I told myself that I was lured by the romance of those old liberal arts universities, all gold leaves and red brick, but I was also eager to escape. I didn’t want to be different. Back then, openly gay celebrities were limited to trailblazers like Ellen DeGeneres, Ian McKellen and Rosie O’Donnell.
University didn’t turn out the way I’d imagined it. To my surprise, I was age- inappropriately homesick – so much that I spent my junior year ‘abroad’ back in San Francisco. I lived across town, but spent plenty of time with my parents – especially after Mom was diagnosed with breast cancer. We’d always been close, similar in our emotionality as well as our love of cosy days spent indoors. But that year our bond grew even deeper: her diagnosis made the threat of loss agonisingly real. At her urging, I finished my senior year back in New York, but I was distracted, incomplete. The last of Mom and Molly’s parties took place in summer 2010. I’d graduated and would soon leave for Wisconsin to begin a masters in fiction.
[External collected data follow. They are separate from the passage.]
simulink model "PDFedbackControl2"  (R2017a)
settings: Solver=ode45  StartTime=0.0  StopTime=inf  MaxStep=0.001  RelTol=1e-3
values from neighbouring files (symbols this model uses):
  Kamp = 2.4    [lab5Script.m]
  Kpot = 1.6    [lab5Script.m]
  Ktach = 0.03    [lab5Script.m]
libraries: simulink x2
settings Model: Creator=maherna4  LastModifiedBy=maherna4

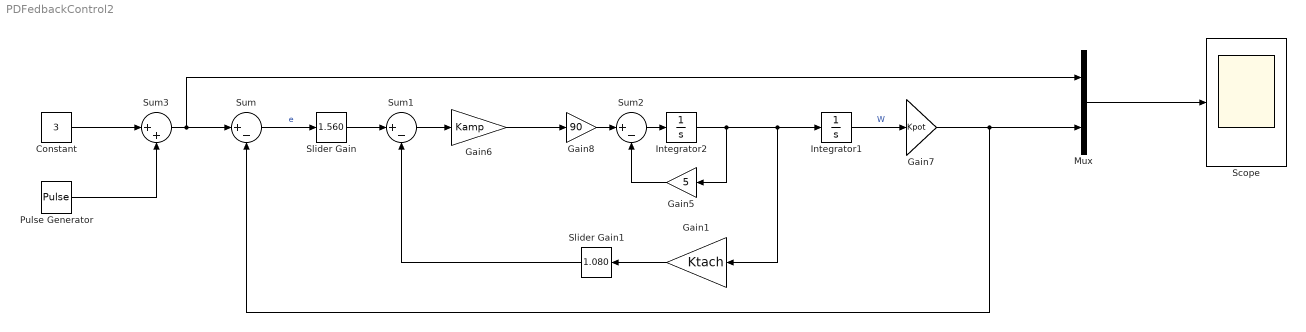
== system PDFedbackControl2 ==
  Constant : Constant  Value=3
  Gain1 : Gain  Gain=Ktach
  Gain5 : Gain  Gain=5
  Gain6 : Gain  Gain=Kamp
  Gain7 : Gain  Gain=Kpot
  Gain8 : Gain  Gain=90
  Integrator1 : Integrator
  Integrator2 : Integrator
  Mux : Mux  Inputs=2
  Pulse Generator : DiscretePulseGenerator  PulseType=Time based  Amplitude=2  PulseWidth=50
  Scope : Scope
  Slider Gain : simulink/Math Operations/Slider Gain  gain=1.560  low=0  high=2
  Slider Gain1 : simulink/Math Operations/Slider Gain  gain=1.080  low=0  high=2
  Sum : Sum  Inputs=|+-
  Sum1 : Sum  Inputs=|+-
  Sum2 : Sum  Inputs=|+-
  Sum3 : Sum  Inputs=|++
  wires:
  Slider Gain1/1 -> Sum1/2
  Sum/1 -> Slider Gain/1  "e"
  Integrator1/1 -> Gain7/1  "W"
  Gain7/1 -> Sum/2, Mux/2
  Gain1/1 -> Slider Gain1/1
  Sum1/1 -> Gain6/1
  Sum2/1 -> Integrator2/1
  Integrator2/1 -> Gain1/1, Integrator1/1, Gain5/1
  Gain5/1 -> Sum2/2
  Gain8/1 -> Sum2/1
  Gain6/1 -> Gain8/1
  Mux/1 -> Scope/1
  Constant/1 -> Sum3/1
  Pulse Generator/1 -> Sum3/2
  Sum3/1 -> Mux/1, Sum/1
  Slider Gain/1 -> Sum1/1

Our friends gathered, drinking margaritas, while Mom made tacos. To experience these fixtures of my childhood is something I’ll never forget – especially because a year later Mom (now cancer-free) called, distraught, to say she and Molly were breaking up. I called my now-husband and wept. I couldn’t say I was shocked: in recent years, I rarely saw them hug or kiss, and I couldn’t understand why they didn’t choose to marry as soon as it was legalised in California. Still, I’d hoped I was wrong. The grief I felt about Mom and Dad’s break-up was different, more symbolic, for I had little memory of what it was like as a nuclear family. But I knew what life was like with Momolly, what life would never be like again.
I have wondered if I feel particular grief out of defensiveness for them as a gay couple. During my childhood, right-wing politicians bemoaned the destruction of the traditional family and scientific studies assessed the extent to which children of same-sex couples were emotionally or otherwise disadvantaged. Perhaps my self-consciousness about Mom and Molly’s break-up is a consequence of the pressure on same-sex couples to beat the odds, as if only by living up to the ideal of marriage – a lifetime together – can gay couples prove they deserve access to the institution. How better could Momolly prove the naysayers wrong than by staying together?
But what the critics can’t touch is the bond Mom and Molly shared. They can’t disprove our authenticity as a family of 17 years’ standing. We may not have been normative, but what we lacked in traditionalism, we made up for in love – in magic.